Desafios para a prática da leitura no Brasil
Enviada em 02/12/2020
No livro “Utopia” do escritor inglês Thomas More, é retratada uma sociedade perfeita, ideal e igualitária, onde o corpo social caracteriza-se pela ausência de problemas. Entretanto, no Brasil hodierno, a sociedade descrita por More parece utópica, visto que, existem desafios para à prática da leitura que impedem a consolidação de uma sociedade plena. Nesse sentido dois problemas transparecem como principais catalizadores desse desafio: a dificuldade do acesso aos livros e a falta de incentivo à leitura.
Em primeiro lugar é preciso desatacar que existem obstáculos no acesso aos livros no Brasil. Em 2020, a Câmara de Deputados propôs um projeto de lei que substitui o Cofins e PIS pela Contribuição sobre Bens e Serviços. E qual o efeito disso sobre os leitores? O preço do livro sobe em cerca de 20%. Então, num país onde 50% da população sobrevive com menos da metade de um salário mínimo -segundo o IBGE-, esse aumento no preço dos livros representa uma diminuição ainda maior no número de leitores. e, consequentemente, a educação fica prejudicada.

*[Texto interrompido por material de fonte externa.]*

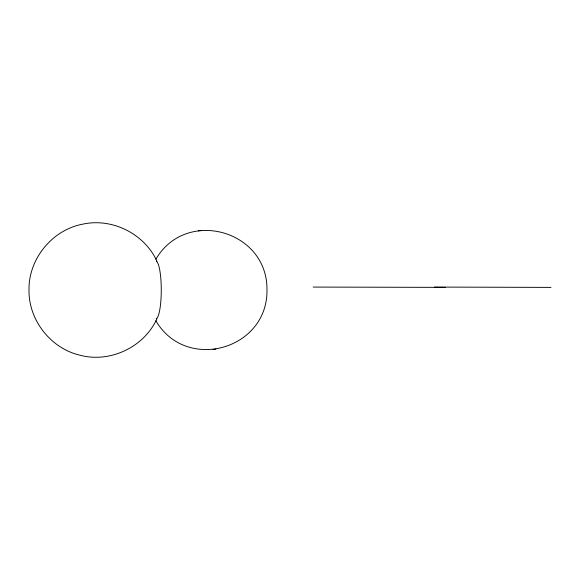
<?xml version="1.0" encoding="UTF-8"?>
<svg xmlns="http://www.w3.org/2000/svg" width="580" height="580" viewBox="0 0 580 580"><rect width="100%" height="100%" fill="white"/><g stroke="black" fill="none" stroke-linecap="round" stroke-linejoin="round"><path stroke-width="0.87" d="M434.355 287.071L551 287.39M156.948 318.732C144.13 347.152 109.975 363.305 79.873 355.185C50.641 348.37 28.514 320.008 29 290C28.442 258.832 52.41 229.622 83.092 224.09C112.426 217.761 144.558 233.929 156.948 261.268M155.861 259.245C185.941 207.524 267.764 230.166 266.974 290C267.764 349.834 185.941 372.476 155.861 320.755M198.389 230.833L201.304 230.47M213.019 349.53L215.934 349.167M313.149 287.071L445.317 287.368M156.353 261.261A28.906 5.503 -90 0 1 159.326 267.982A28.913 5.51 90 0 1 157.891 316.651A28.906 5.503 -90 0 1 156.353 318.732"/></g></svg>

Ademais, acontece que a leitura é um hábito não incentivado na sociedade brasileira, principalmente pela família. De acordo com o sociólogo Talcott Parsons, a família é uma máquina que produz personalidades humanas. Então, a partir dessa ótica, quando não há o incentivo da família para o hábito da leitura, formam-se personalidades desinteressadas da leitura. As causas disso estão ligadas, entre outros fatores, ao alto valor dos livros e da localização das livrarias, que se concentram em grandes centros urbanos, dificultando o acesso para famílias mais carentes. Assim, abrem-se precedentes para o surgimento de outros problemas: o analfabetismo funcional e as fake News, que são impulsionadas pela falta de leitura crítica das pessoas.
Infere-se, portanto, que o Estado precisa tomar providências para solucionar o quadro de deficiência literária da população brasileira. Sendo assim, cabe ao Governo Federal em parceria com o Ministério da Educação, responsável pelas políticas educacionais do país, realizar seminários trimestrais nas escolas, por meio de educadores e autores literários, com o objetivo de divulgar a importância da leitura e fomentar o interesse pelos livros nos jovens. Além disso, o Governo deve facilitar o acesso aos livros, mantendo os livros isentos de impostos. Assim, poder-se-á fazer analogia a sociedade idealizada de More, com um Brasil em progresso.